The major physiological actions of the RAS are mediated through the type 1 (AT₁) receptor, and clinical studies have demonstrated that pharmacological blockade of the AT₁ receptor effectively lowers blood pressure and protects against end-organ damage.⁸ Rodents have two AT₁ receptor isoforms, AT_1A and AT_1B, which are encoded by distinct genes. In most tissues, expression of the AT_1A receptor far exceeds that of the AT_1B receptor, and the AT_1A receptor is considered to be the murine homologue of the human AT₁ receptor.

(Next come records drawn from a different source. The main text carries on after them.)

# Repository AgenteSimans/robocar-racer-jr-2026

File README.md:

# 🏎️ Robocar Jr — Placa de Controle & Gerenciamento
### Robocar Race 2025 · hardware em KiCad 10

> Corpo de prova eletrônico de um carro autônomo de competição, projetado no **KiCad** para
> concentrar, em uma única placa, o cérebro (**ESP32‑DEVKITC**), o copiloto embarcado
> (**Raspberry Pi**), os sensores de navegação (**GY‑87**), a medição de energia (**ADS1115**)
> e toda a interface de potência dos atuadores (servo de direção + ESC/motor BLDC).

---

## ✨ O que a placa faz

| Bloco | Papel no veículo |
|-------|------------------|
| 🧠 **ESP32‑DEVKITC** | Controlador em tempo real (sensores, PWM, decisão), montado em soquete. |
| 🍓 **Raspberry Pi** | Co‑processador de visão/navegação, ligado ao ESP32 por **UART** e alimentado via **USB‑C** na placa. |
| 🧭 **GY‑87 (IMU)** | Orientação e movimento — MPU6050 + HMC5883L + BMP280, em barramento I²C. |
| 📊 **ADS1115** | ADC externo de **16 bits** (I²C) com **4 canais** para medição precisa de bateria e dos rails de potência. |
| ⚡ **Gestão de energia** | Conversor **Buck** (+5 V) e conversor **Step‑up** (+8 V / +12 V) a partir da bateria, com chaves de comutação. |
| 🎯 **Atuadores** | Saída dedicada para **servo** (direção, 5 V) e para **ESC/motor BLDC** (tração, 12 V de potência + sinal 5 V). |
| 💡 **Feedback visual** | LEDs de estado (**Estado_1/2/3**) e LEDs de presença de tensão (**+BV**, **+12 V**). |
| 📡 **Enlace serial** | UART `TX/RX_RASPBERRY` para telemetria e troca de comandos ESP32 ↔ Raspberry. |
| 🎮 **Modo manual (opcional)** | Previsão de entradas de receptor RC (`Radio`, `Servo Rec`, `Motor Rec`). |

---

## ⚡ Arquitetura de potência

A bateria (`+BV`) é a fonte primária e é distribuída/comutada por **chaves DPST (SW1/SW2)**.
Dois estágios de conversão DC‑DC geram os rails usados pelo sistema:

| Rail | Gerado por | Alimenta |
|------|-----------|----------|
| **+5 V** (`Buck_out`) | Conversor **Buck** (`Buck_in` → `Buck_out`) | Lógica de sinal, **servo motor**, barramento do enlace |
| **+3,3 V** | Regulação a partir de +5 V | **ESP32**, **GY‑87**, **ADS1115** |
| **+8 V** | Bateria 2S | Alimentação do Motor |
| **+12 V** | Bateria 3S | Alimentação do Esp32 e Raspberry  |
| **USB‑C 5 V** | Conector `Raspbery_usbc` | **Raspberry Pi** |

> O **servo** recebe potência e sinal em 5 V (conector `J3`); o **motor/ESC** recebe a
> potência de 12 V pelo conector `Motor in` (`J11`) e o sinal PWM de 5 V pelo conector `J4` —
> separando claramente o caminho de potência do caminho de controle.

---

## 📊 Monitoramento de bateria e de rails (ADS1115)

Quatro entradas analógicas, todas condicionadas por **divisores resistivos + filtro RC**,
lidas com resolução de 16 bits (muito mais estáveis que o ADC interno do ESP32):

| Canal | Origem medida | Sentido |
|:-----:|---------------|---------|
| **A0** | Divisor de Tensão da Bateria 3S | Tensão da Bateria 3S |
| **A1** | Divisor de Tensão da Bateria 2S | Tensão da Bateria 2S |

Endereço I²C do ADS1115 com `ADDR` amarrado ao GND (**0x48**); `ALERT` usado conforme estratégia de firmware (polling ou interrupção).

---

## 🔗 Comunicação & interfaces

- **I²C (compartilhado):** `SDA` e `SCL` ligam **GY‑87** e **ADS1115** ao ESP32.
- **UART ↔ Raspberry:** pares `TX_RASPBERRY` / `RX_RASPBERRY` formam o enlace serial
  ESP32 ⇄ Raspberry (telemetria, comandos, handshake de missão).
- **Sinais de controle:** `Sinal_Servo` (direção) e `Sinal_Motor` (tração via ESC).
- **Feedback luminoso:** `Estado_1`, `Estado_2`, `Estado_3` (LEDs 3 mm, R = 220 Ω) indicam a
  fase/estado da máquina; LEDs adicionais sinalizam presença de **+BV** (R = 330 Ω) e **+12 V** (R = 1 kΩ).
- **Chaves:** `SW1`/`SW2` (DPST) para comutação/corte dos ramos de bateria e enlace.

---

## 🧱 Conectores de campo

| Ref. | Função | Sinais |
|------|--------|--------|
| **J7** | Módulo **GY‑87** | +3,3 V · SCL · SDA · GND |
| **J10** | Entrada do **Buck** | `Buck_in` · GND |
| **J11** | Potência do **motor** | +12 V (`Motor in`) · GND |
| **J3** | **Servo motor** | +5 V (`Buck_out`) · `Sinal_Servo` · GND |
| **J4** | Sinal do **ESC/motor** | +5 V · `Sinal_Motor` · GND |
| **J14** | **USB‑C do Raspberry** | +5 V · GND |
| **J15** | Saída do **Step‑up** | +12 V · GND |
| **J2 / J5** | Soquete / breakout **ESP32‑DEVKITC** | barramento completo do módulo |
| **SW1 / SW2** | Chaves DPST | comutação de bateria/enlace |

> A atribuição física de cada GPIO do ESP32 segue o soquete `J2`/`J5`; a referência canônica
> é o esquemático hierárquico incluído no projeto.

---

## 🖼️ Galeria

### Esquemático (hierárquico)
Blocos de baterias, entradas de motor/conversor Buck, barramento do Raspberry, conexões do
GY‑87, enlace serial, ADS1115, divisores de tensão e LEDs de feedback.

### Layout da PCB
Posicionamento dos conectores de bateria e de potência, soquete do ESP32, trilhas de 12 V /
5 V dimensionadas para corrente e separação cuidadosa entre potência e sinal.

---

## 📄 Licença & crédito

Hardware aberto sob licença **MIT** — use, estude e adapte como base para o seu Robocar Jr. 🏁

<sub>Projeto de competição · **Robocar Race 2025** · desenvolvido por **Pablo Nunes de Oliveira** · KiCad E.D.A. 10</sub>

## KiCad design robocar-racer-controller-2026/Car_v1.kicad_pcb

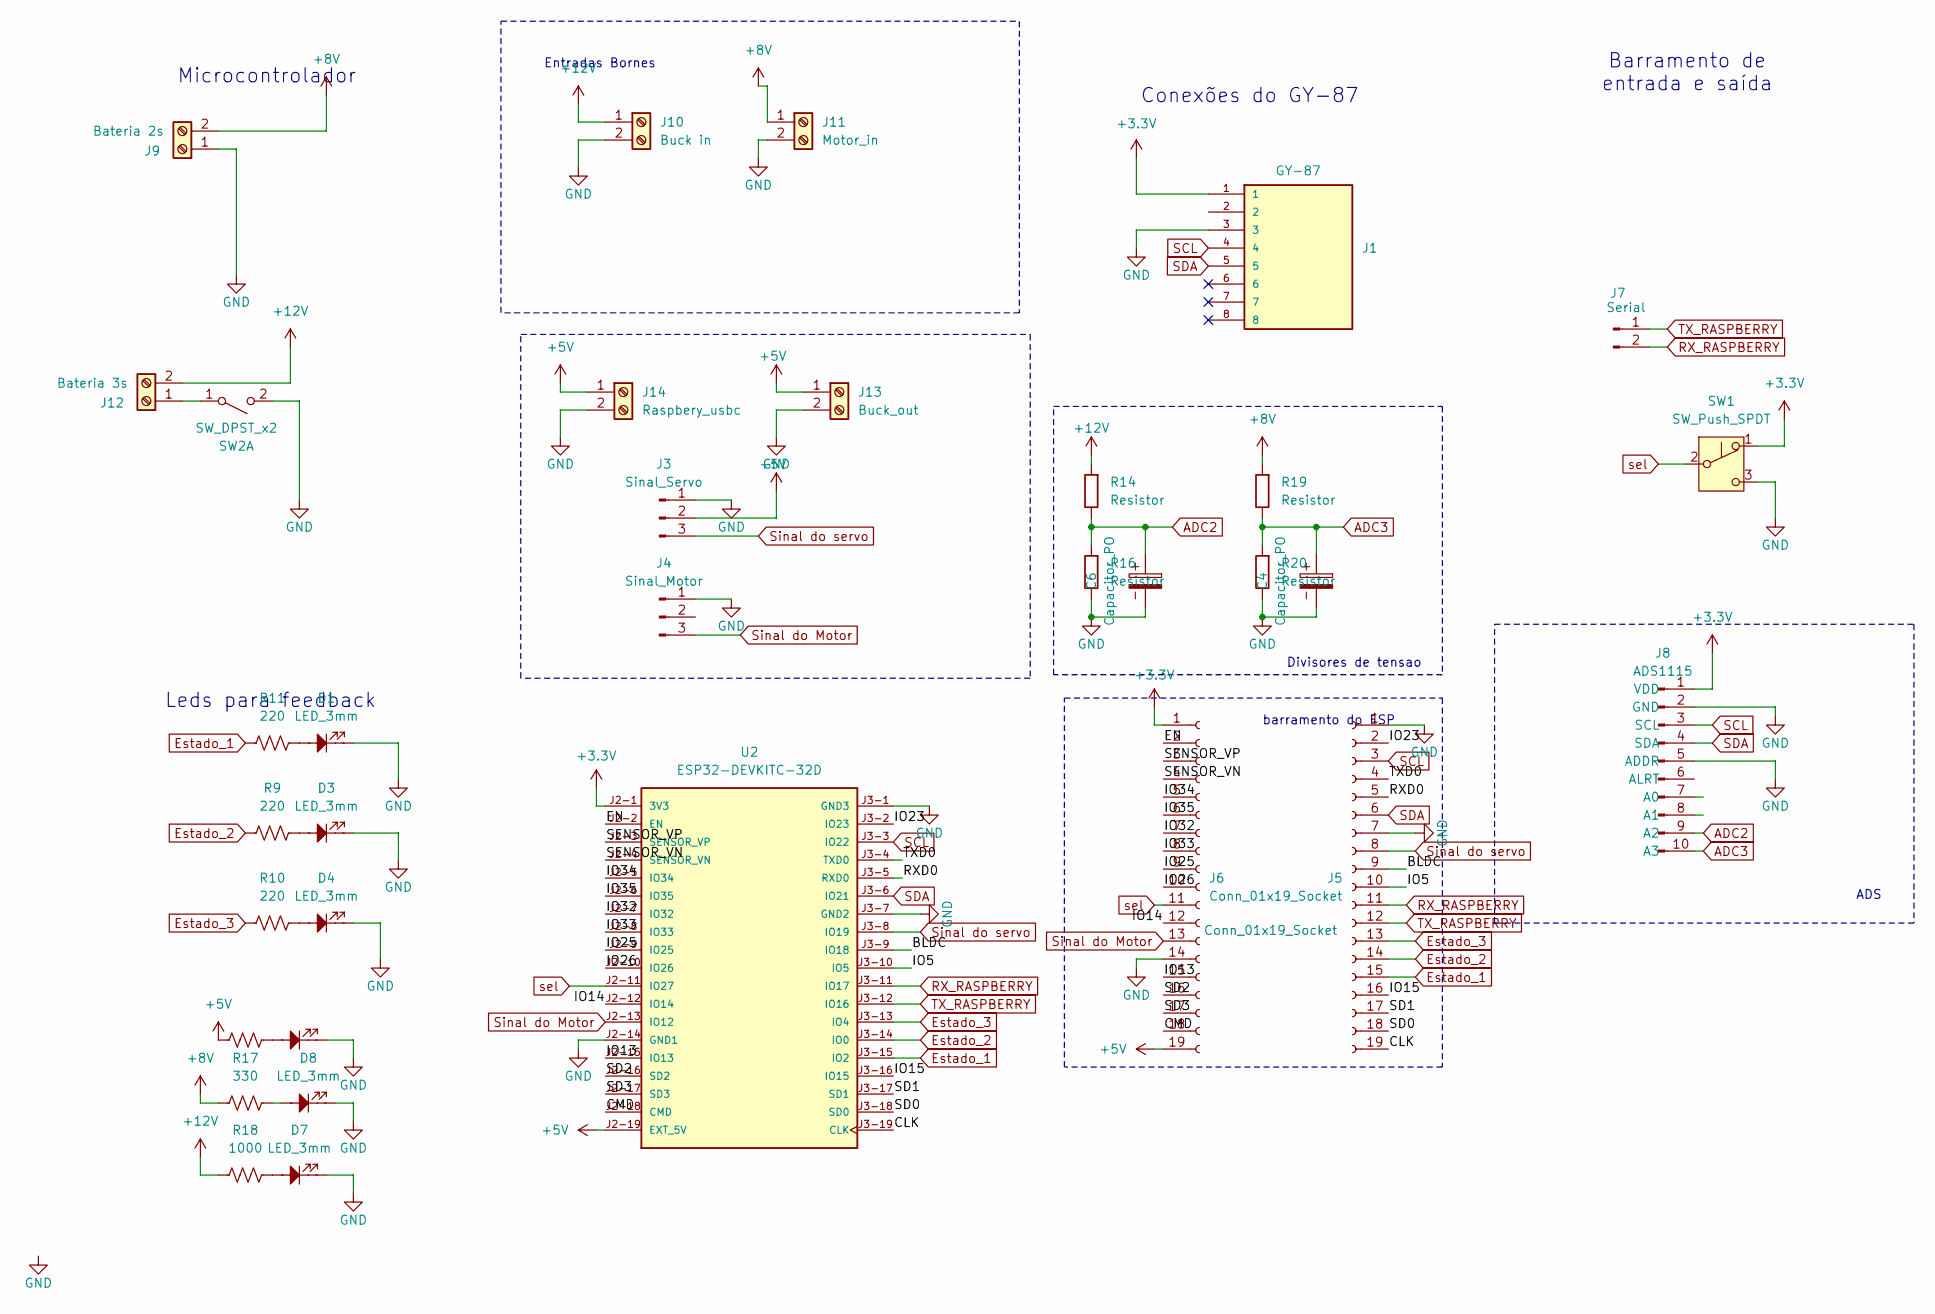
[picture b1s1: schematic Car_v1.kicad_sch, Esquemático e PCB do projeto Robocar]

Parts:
C4, C6: Capacitor_PO; CP_Radial_D5.0mm_P2.50mm
D1, D3, D4, D5, D7, D8: LED_3mm; LED_D3.0mm
J1: GY-87; Pins_1x08_2.54mm_TH; PARTREV R
J3: Sinal_Servo; PinHeader_1x03_P2.54mm_Horizontal
J4: Sinal_Motor; PinHeader_1x03_P2.54mm_Horizontal
J5, J6: Conn_01x19_Socket; PinHeader_1x19_P2.54mm_Vertical
J7: Serial; PinHeader_1x02_P2.54mm_Horizontal
J8: ADS1115; PinSocket_1x10_P2.54mm_Vertical
J9: Bateria 2s; TerminalBlock_Phoenix_MKDS-1,5-2-5.08_1x02_P5.08mm_Horizont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
J10: Buck in; TerminalBlock_Phoenix_MKDS-1,5-2-5.08_1x02_P5.08mm_Horizont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
J11: Motor_in; TerminalBlock_Phoenix_MKDS-1,5-2-5.08_1x02_P5.08mm_Horizont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
J12: Bateria 3s; TerminalBlock_Phoenix_MKDS-1,5-2-5.08_1x02_P5.08mm_Horizont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
J13: Buck_out; TerminalBlock_Phoenix_MKDS-1,5-2-5.08_1x02_P5.08mm_Horizont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
J14: Raspbery_usbc; TerminalBlock_Phoenix_MKDS-1,5-2-5.08_1x02_P5.08mm_Horizont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
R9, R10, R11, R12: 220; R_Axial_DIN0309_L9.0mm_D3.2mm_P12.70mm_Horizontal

In previous studies, we found that incremental reductions in AT_1A receptor gene expression implemented through gene targeting caused a proportional lowering of resting blood pressure. For example, in heterozygous Agtr1a± mice, a 50% reduction in AT_1A receptor expression lowers systolic blood pressure by 12 mm Hg compared with control mice; the complete absence of AT_1A receptors in Agtr1a-/- mice is associated with a further lowering of blood pressure.⁹ This demonstration that reduced levels of AT_1A receptor gene expression affect blood pressure suggests that naturally occurring variants of the Agtr1a gene locus that increase the level of receptor expression could positively affect resting blood pressure.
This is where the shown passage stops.